You should never let your fears become the boundaries of your dreams.
Would it be possible to somehow render a lightmap on top of texture? (without multitexturing)
Quote:Original post by _DarkWIng_
Why do you need to modify it? In most cases its much better to just keep a local copy of texture in system memory if you need frequent changes. The alternative would be to use fragment program & FBO to modify it (if whole modification can be expressed as FP) fully on GPU.


I do this for my terrain texture. I generate it procedurally and keep the original data in system memory, then have some options to do additional things to the texture like toggle the blending of other [rock] textures, apply a gaussian blur, and so on. I modify the texture image data that is in system memory and then rebind the texture with the following lines:

glBindTexture(GL_TEXTURE_2D,texID);glTexImage2D(GL_TEXTURE_2D,0,GL_RGB,imgWidth,imgHeight,0,GL_RGB,GL_UNSIGNED_BYTE,imgData);


Don't forget to do the rebind, otherwise your changes will not be loaded back to the video card memory for that texture ID.

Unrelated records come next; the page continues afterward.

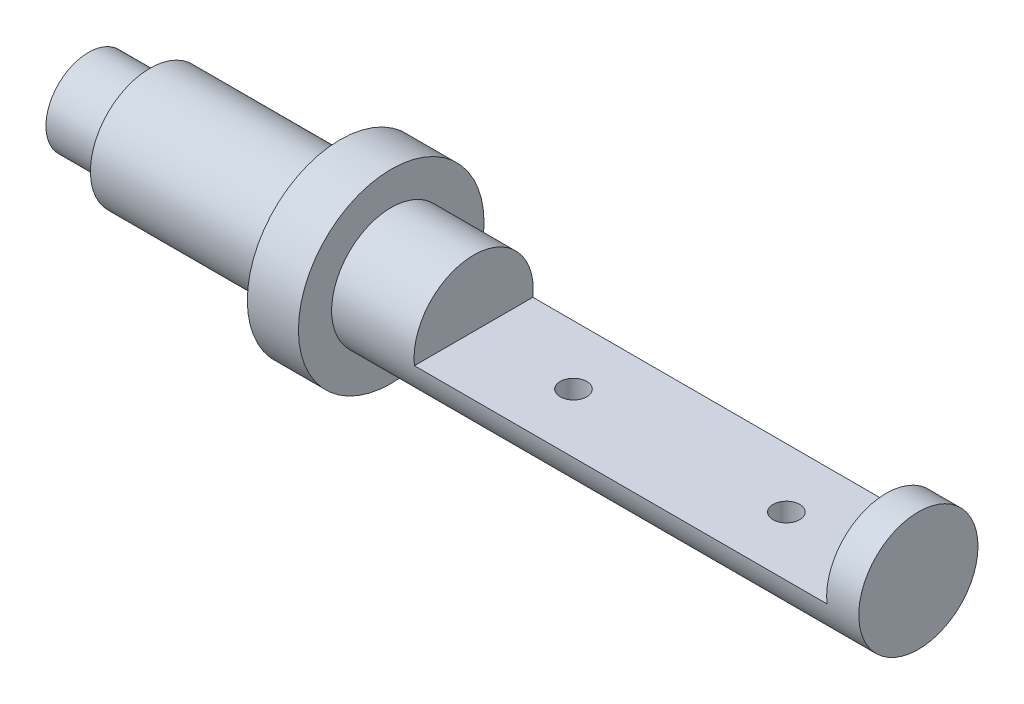
ISO-10303-21;
HEADER;
FILE_DESCRIPTION(('STEP AP214'),'2;1');
FILE_NAME('part.step','',(''),(''),'','','');
FILE_SCHEMA(('AUTOMOTIVE_DESIGN { 1 0 10303 214 1 1 1 1 }'));
ENDSEC;
DATA;
#1=APPLICATION_CONTEXT('core data for automotive mechanical design processes');
#2=APPLICATION_PROTOCOL_DEFINITION('international standard','automotive_design',2000,#1);
#3=PRODUCT_CONTEXT('',#1,'mechanical');
#4=PRODUCT('Part','Part','',(#3));
#5=PRODUCT_RELATED_PRODUCT_CATEGORY('part','',(#4));
#6=PRODUCT_DEFINITION_FORMATION('','',#4);
#7=PRODUCT_DEFINITION_CONTEXT('part definition',#1,'design');
#8=PRODUCT_DEFINITION('design','',#6,#7);
#9=PRODUCT_DEFINITION_SHAPE('','',#8);
#10=(LENGTH_UNIT() NAMED_UNIT(*) SI_UNIT(.MILLI.,.METRE.));
#11=(NAMED_UNIT(*) PLANE_ANGLE_UNIT() SI_UNIT($,.RADIAN.));
#12=(NAMED_UNIT(*) SI_UNIT($,.STERADIAN.) SOLID_ANGLE_UNIT());
#13=UNCERTAINTY_MEASURE_WITH_UNIT(LENGTH_MEASURE(1.E-05),#10,'distance_accuracy_value','');
#14=(GEOMETRIC_REPRESENTATION_CONTEXT(3) GLOBAL_UNCERTAINTY_ASSIGNED_CONTEXT((#13)) GLOBAL_UNIT_ASSIGNED_CONTEXT((#10,
#11,#12)) REPRESENTATION_CONTEXT('',''));
#15=CARTESIAN_POINT('',(0.,0.,0.));
#16=DIRECTION('',(0.,0.,1.));
#17=DIRECTION('',(1.,0.,0.));
#18=AXIS2_PLACEMENT_3D('',#15,#16,#17);
#19=CARTESIAN_POINT('',(0.,0.,0.));
#20=DIRECTION('',(-1.,0.,0.));
#21=DIRECTION('',(0.,0.,1.));
#22=AXIS2_PLACEMENT_3D('',#19,#20,#21);
#23=PLANE('',#22);
#24=CARTESIAN_POINT('',(0.,0.,0.));
#25=DIRECTION('',(1.,0.,0.));
#26=DIRECTION('',(0.,0.,-1.));
#27=AXIS2_PLACEMENT_3D('',#24,#25,#26);
#28=CIRCLE('',#27,20.);
#29=CARTESIAN_POINT('',(0.,0.,-20.));
#30=VERTEX_POINT('',#29);
#31=EDGE_CURVE('E107',#30,#30,#28,.T.);
#32=ORIENTED_EDGE('',*,*,#31,.F.);
#33=EDGE_LOOP('',(#32));
#34=FACE_BOUND('',#33,.T.);
#35=ADVANCED_FACE('F39',(#34),#23,.T.);
#36=CARTESIAN_POINT('',(389.8,0.,0.));
#37=DIRECTION('',(1.,0.,0.));
#38=DIRECTION('',(0.,0.,-1.));
#39=AXIS2_PLACEMENT_3D('',#36,#37,#38);
#40=CYLINDRICAL_SURFACE('',#39,20.);
#41=ORIENTED_EDGE('',*,*,#31,.T.);
#42=EDGE_LOOP('',(#41));
#43=FACE_BOUND('',#42,.T.);
#44=CARTESIAN_POINT('',(28.9,0.,0.));
#45=DIRECTION('',(1.,0.,0.));
#46=DIRECTION('',(0.,0.,-1.));
#47=AXIS2_PLACEMENT_3D('',#44,#45,#46);
#48=CIRCLE('',#47,20.);
#49=CARTESIAN_POINT('',(28.9,0.,-20.));
#50=VERTEX_POINT('',#49);
#51=EDGE_CURVE('E104',#50,#50,#48,.T.);
#52=ORIENTED_EDGE('',*,*,#51,.F.);
#53=EDGE_LOOP('',(#52));
#54=FACE_BOUND('',#53,.T.);
#55=ADVANCED_FACE('F157',(#43,#54),#40,.T.);
#56=CARTESIAN_POINT('',(28.9,20.,0.));
#57=DIRECTION('',(-1.,0.,0.));
#58=DIRECTION('',(0.,0.,1.));
#59=AXIS2_PLACEMENT_3D('',#56,#57,#58);
#60=PLANE('',#59);
#61=ORIENTED_EDGE('',*,*,#51,.T.);
#62=EDGE_LOOP('',(#61));
#63=FACE_BOUND('',#62,.T.);
#64=CARTESIAN_POINT('',(28.9,0.,0.));
#65=DIRECTION('',(1.,0.,0.));
#66=DIRECTION('',(0.,0.,-1.));
#67=AXIS2_PLACEMENT_3D('',#64,#65,#66);
#68=CIRCLE('',#67,28.);
#69=CARTESIAN_POINT('',(28.9,0.,-28.));
#70=VERTEX_POINT('',#69);
#71=EDGE_CURVE('E105',#70,#70,#68,.T.);
#72=ORIENTED_EDGE('',*,*,#71,.F.);
#73=EDGE_LOOP('',(#72));
#74=FACE_BOUND('',#73,.T.);
#75=ADVANCED_FACE('F163',(#63,#74),#60,.T.);
#76=CARTESIAN_POINT('',(389.8,0.,0.));
#77=DIRECTION('',(1.,0.,0.));
#78=DIRECTION('',(0.,0.,-1.));
#79=AXIS2_PLACEMENT_3D('',#76,#77,#78);
#80=CYLINDRICAL_SURFACE('',#79,28.);
#81=ORIENTED_EDGE('',*,*,#71,.T.);
#82=EDGE_LOOP('',(#81));
#83=FACE_BOUND('',#82,.T.);
#84=CARTESIAN_POINT('',(118.2,0.,0.));
#85=DIRECTION('',(1.,0.,0.));
#86=DIRECTION('',(0.,0.,-1.));
#87=AXIS2_PLACEMENT_3D('',#84,#85,#86);
#88=CIRCLE('',#87,28.);
#89=CARTESIAN_POINT('',(118.2,0.,-28.));
#90=VERTEX_POINT('',#89);
#91=EDGE_CURVE('E97',#90,#90,#88,.T.);
#92=ORIENTED_EDGE('',*,*,#91,.F.);
#93=EDGE_LOOP('',(#92));
#94=FACE_BOUND('',#93,.T.);
#95=ADVANCED_FACE('F175',(#83,#94),#80,.T.);
#96=CARTESIAN_POINT('',(118.2,28.,0.));
#97=DIRECTION('',(-1.,0.,0.));
#98=DIRECTION('',(0.,0.,1.));
#99=AXIS2_PLACEMENT_3D('',#96,#97,#98);
#100=PLANE('',#99);
#101=ORIENTED_EDGE('',*,*,#91,.T.);
#102=EDGE_LOOP('',(#101));
#103=FACE_BOUND('',#102,.T.);
#104=CARTESIAN_POINT('',(118.2,0.,0.));
#105=DIRECTION('',(1.,0.,0.));
#106=DIRECTION('',(0.,0.,-1.));
#107=AXIS2_PLACEMENT_3D('',#104,#105,#106);
#108=CIRCLE('',#107,43.6);
#109=CARTESIAN_POINT('',(118.2,0.,-43.6));
#110=VERTEX_POINT('',#109);
#111=EDGE_CURVE('E96',#110,#110,#108,.T.);
#112=ORIENTED_EDGE('',*,*,#111,.F.);
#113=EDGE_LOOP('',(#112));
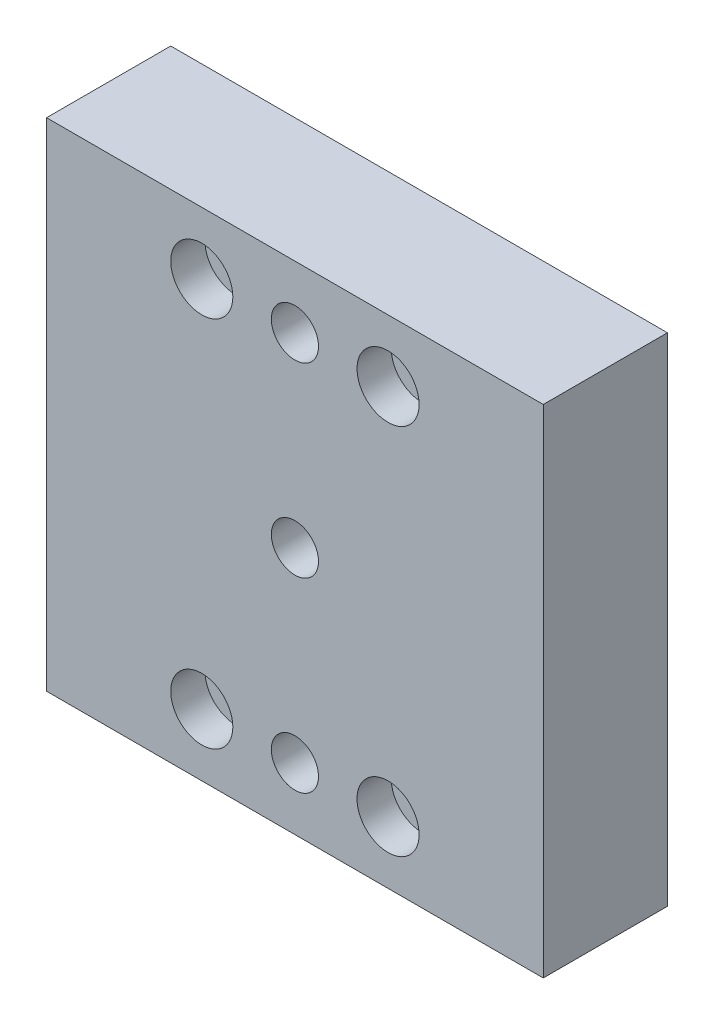
ISO-10303-21;
HEADER;
FILE_DESCRIPTION(('STEP AP214'),'2;1');
FILE_NAME('part.step','',(''),(''),'','','');
FILE_SCHEMA(('AUTOMOTIVE_DESIGN { 1 0 10303 214 1 1 1 1 }'));
ENDSEC;
DATA;
#1=APPLICATION_CONTEXT('core data for automotive mechanical design processes');
#2=APPLICATION_PROTOCOL_DEFINITION('international standard','automotive_design',2000,#1);
#3=PRODUCT_CONTEXT('',#1,'mechanical');
#4=PRODUCT('Part','Part','',(#3));
#5=PRODUCT_RELATED_PRODUCT_CATEGORY('part','',(#4));
#6=PRODUCT_DEFINITION_FORMATION('','',#4);
#7=PRODUCT_DEFINITION_CONTEXT('part definition',#1,'design');
#8=PRODUCT_DEFINITION('design','',#6,#7);
#9=PRODUCT_DEFINITION_SHAPE('','',#8);
#10=(LENGTH_UNIT() NAMED_UNIT(*) SI_UNIT(.MILLI.,.METRE.));
#11=(NAMED_UNIT(*) PLANE_ANGLE_UNIT() SI_UNIT($,.RADIAN.));
#12=(NAMED_UNIT(*) SI_UNIT($,.STERADIAN.) SOLID_ANGLE_UNIT());
#13=UNCERTAINTY_MEASURE_WITH_UNIT(LENGTH_MEASURE(1.E-05),#10,'distance_accuracy_value','');
#14=(GEOMETRIC_REPRESENTATION_CONTEXT(3) GLOBAL_UNCERTAINTY_ASSIGNED_CONTEXT((#13)) GLOBAL_UNIT_ASSIGNED_CONTEXT((#10,
#11,#12)) REPRESENTATION_CONTEXT('',''));
#15=CARTESIAN_POINT('',(0.,0.,0.));
#16=DIRECTION('',(0.,0.,1.));
#17=DIRECTION('',(1.,0.,0.));
#18=AXIS2_PLACEMENT_3D('',#15,#16,#17);
#19=CARTESIAN_POINT('',(25.4,-25.4,12.7));
#20=DIRECTION('',(-1.,0.,0.));
#21=DIRECTION('',(0.,0.,1.));
#22=AXIS2_PLACEMENT_3D('',#19,#20,#21);
#23=PLANE('',#22);
#24=DIRECTION('',(0.,1.,0.));
#25=VECTOR('',#24,1.);
#26=CARTESIAN_POINT('',(25.4,-25.4,0.));
#27=LINE('',#26,#25);
#28=CARTESIAN_POINT('',(25.4,-25.4,0.));
#29=VERTEX_POINT('',#28);
#30=CARTESIAN_POINT('',(25.4,25.4,0.));
#31=VERTEX_POINT('',#30);
#32=EDGE_CURVE('E111',#29,#31,#27,.T.);
#33=ORIENTED_EDGE('',*,*,#32,.T.);
#34=DIRECTION('',(0.,0.,-1.));
#35=VECTOR('',#34,1.);
#36=CARTESIAN_POINT('',(25.4,25.4,12.7));
#37=LINE('',#36,#35);
#38=CARTESIAN_POINT('',(25.4,25.4,12.7));
#39=VERTEX_POINT('',#38);
#40=EDGE_CURVE('E13',#39,#31,#37,.T.);
#41=ORIENTED_EDGE('',*,*,#40,.F.);
#42=DIRECTION('',(0.,1.,0.));
#43=VECTOR('',#42,1.);
#44=CARTESIAN_POINT('',(25.4,-25.4,12.7));
#45=LINE('',#44,#43);
#46=CARTESIAN_POINT('',(25.4,-25.4,12.7));
#47=VERTEX_POINT('',#46);
#48=EDGE_CURVE('E98',#47,#39,#45,.T.);
#49=ORIENTED_EDGE('',*,*,#48,.F.);
#50=DIRECTION('',(0.,0.,-1.));
#51=VECTOR('',#50,1.);
#52=CARTESIAN_POINT('',(25.4,-25.4,12.7));
#53=LINE('',#52,#51);
#54=EDGE_CURVE('E107',#47,#29,#53,.T.);
#55=ORIENTED_EDGE('',*,*,#54,.T.);
#56=EDGE_LOOP('',(#33,#41,#49,#55));
#57=FACE_BOUND('',#56,.T.);
#58=ADVANCED_FACE('F45',(#57),#23,.F.);
#59=CARTESIAN_POINT('',(-25.4,25.4,12.7));
#60=DIRECTION('',(0.,-1.,0.));
#61=DIRECTION('',(0.,0.,-1.));
#62=AXIS2_PLACEMENT_3D('',#59,#60,#61);
#63=PLANE('',#62);
#64=DIRECTION('',(-1.,0.,0.));
#65=VECTOR('',#64,1.);
#66=CARTESIAN_POINT('',(-25.4,25.4,0.));
#67=LINE('',#66,#65);
#68=CARTESIAN_POINT('',(-25.4,25.4,0.));
#69=VERTEX_POINT('',#68);
#70=EDGE_CURVE('E102',#31,#69,#67,.T.);
#71=ORIENTED_EDGE('',*,*,#70,.T.);
#72=DIRECTION('',(0.,0.,-1.));
#73=VECTOR('',#72,1.);
#74=CARTESIAN_POINT('',(-25.4,25.4,12.7));
#75=LINE('',#74,#73);
#76=CARTESIAN_POINT('',(-25.4,25.4,12.7));
#77=VERTEX_POINT('',#76);
#78=EDGE_CURVE('E54',#77,#69,#75,.T.);
#79=ORIENTED_EDGE('',*,*,#78,.F.);
#80=DIRECTION('',(-1.,0.,0.));
#81=VECTOR('',#80,1.);
#82=CARTESIAN_POINT('',(-25.4,25.4,12.7));
#83=LINE('',#82,#81);
#84=EDGE_CURVE('E93',#39,#77,#83,.T.);
#85=ORIENTED_EDGE('',*,*,#84,.F.);
#86=ORIENTED_EDGE('',*,*,#40,.T.);
#87=EDGE_LOOP('',(#71,#79,#85,#86));
#88=FACE_BOUND('',#87,.T.);
#89=ADVANCED_FACE('F101',(#88),#63,.F.);
#90=CARTESIAN_POINT('',(-25.4,-25.4,12.7));
#91=DIRECTION('',(1.,0.,0.));
#92=DIRECTION('',(0.,0.,-1.));
#93=AXIS2_PLACEMENT_3D('',#90,#91,#92);
#94=PLANE('',#93);
#95=DIRECTION('',(0.,-1.,0.));
#96=VECTOR('',#95,1.);
#97=CARTESIAN_POINT('',(-25.4,-25.4,0.));
#98=LINE('',#97,#96);
#99=CARTESIAN_POINT('',(-25.4,-25.4,0.));
#100=VERTEX_POINT('',#99);
#101=EDGE_CURVE('E80',#69,#100,#98,.T.);
#102=ORIENTED_EDGE('',*,*,#101,.T.);
#103=DIRECTION('',(0.,0.,-1.));
#104=VECTOR('',#103,1.);
#105=CARTESIAN_POINT('',(-25.4,-25.4,12.7));
#106=LINE('',#105,#104);
#107=CARTESIAN_POINT('',(-25.4,-25.4,12.7));
#108=VERTEX_POINT('',#107);
#109=EDGE_CURVE('E103',#108,#100,#106,.T.);
#110=ORIENTED_EDGE('',*,*,#109,.F.);
#111=DIRECTION('',(0.,-1.,0.));
#112=VECTOR('',#111,1.);
#113=CARTESIAN_POINT('',(-25.4,-25.4,12.7));
#114=LINE('',#113,#112);
#115=EDGE_CURVE('E96',#77,#108,#114,.T.);
#116=ORIENTED_EDGE('',*,*,#115,.F.);
#117=ORIENTED_EDGE('',*,*,#78,.T.);
#118=EDGE_LOOP('',(#102,#110,#116,#117));
#119=FACE_BOUND('',#118,.T.);
#120=ADVANCED_FACE('F105',(#119),#94,.F.);
#121=CARTESIAN_POINT('',(-25.4,-25.4,12.7));
#122=DIRECTION('',(0.,1.,0.));
#123=DIRECTION('',(0.,0.,1.));
#124=AXIS2_PLACEMENT_3D('',#121,#122,#123);
#125=PLANE('',#124);
#126=DIRECTION('',(1.,0.,0.));
#127=VECTOR('',#126,1.);
#128=CARTESIAN_POINT('',(-25.4,-25.4,0.));
#129=LINE('',#128,#127);
#130=EDGE_CURVE('E86',#100,#29,#129,.T.);
#131=ORIENTED_EDGE('',*,*,#130,.T.);
#132=ORIENTED_EDGE('',*,*,#54,.F.);
#133=DIRECTION('',(1.,0.,0.));
#134=VECTOR('',#133,1.);
#135=CARTESIAN_POINT('',(-25.4,-25.4,12.7));
#136=LINE('',#135,#134);
#137=EDGE_CURVE('E63',#108,#47,#136,.T.);
#138=ORIENTED_EDGE('',*,*,#137,.F.);
#139=ORIENTED_EDGE('',*,*,#109,.T.);
#140=EDGE_LOOP('',(#131,#132,#138,#139));
#141=FACE_BOUND('',#140,.T.);
#142=ADVANCED_FACE('F221',(#141),#125,.F.);
#143=CARTESIAN_POINT('',(0.,0.,12.7));
#144=DIRECTION('',(0.,0.,-1.));
#145=DIRECTION('',(-1.,0.,0.));
#146=AXIS2_PLACEMENT_3D('',#143,#144,#145);
#147=PLANE('',#146);
#148=CARTESIAN_POINT('',(-9.525,19.05,12.7));
#149=DIRECTION('',(0.,0.,1.));
#150=DIRECTION('',(1.,0.,0.));
#151=AXIS2_PLACEMENT_3D('',#148,#149,#150);
#152=CIRCLE('',#151,3.175);
#153=CARTESIAN_POINT('',(-6.35,19.05,12.7));
#154=VERTEX_POINT('',#153);
#155=EDGE_CURVE('E463',#154,#154,#152,.T.);
#156=ORIENTED_EDGE('',*,*,#155,.F.);
#157=EDGE_LOOP('',(#156));
#158=FACE_BOUND('',#157,.T.);
#159=CARTESIAN_POINT('',(-9.525,-19.05,12.7));
#160=DIRECTION('',(0.,0.,1.));
#161=DIRECTION('',(1.,0.,0.));
#162=AXIS2_PLACEMENT_3D('',#159,#160,#161);
#163=CIRCLE('',#162,3.175);
#164=CARTESIAN_POINT('',(-6.35,-19.05,12.7));
#165=VERTEX_POINT('',#164);
#166=EDGE_CURVE('E144',#165,#165,#163,.T.);
#167=ORIENTED_EDGE('',*,*,#166,.F.);
#168=EDGE_LOOP('',(#167));
#169=FACE_BOUND('',#168,.T.);
#170=CARTESIAN_POINT('',(9.52500000000001,-19.05,12.7));
#171=DIRECTION('',(0.,0.,1.));
#172=DIRECTION('',(1.,0.,0.));
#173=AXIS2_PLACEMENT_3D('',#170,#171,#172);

Actually, I'm not entirely sure if this actually "overwrites" the exiting data in the video card memory for the texture ID, or something else is happening behind the scenes like continually new allocations of memory are being made. That would be bad. I've never researched the side effects of this method.

hth
F451
Nope, that's fine.

You don't allocate new memory until you call glGenTextures() and then upload
texture data to it.

As a point of reference, if your texture size doesnt change then glTexSubImage2D() is a faster method of uploading new texture data to the gfx card.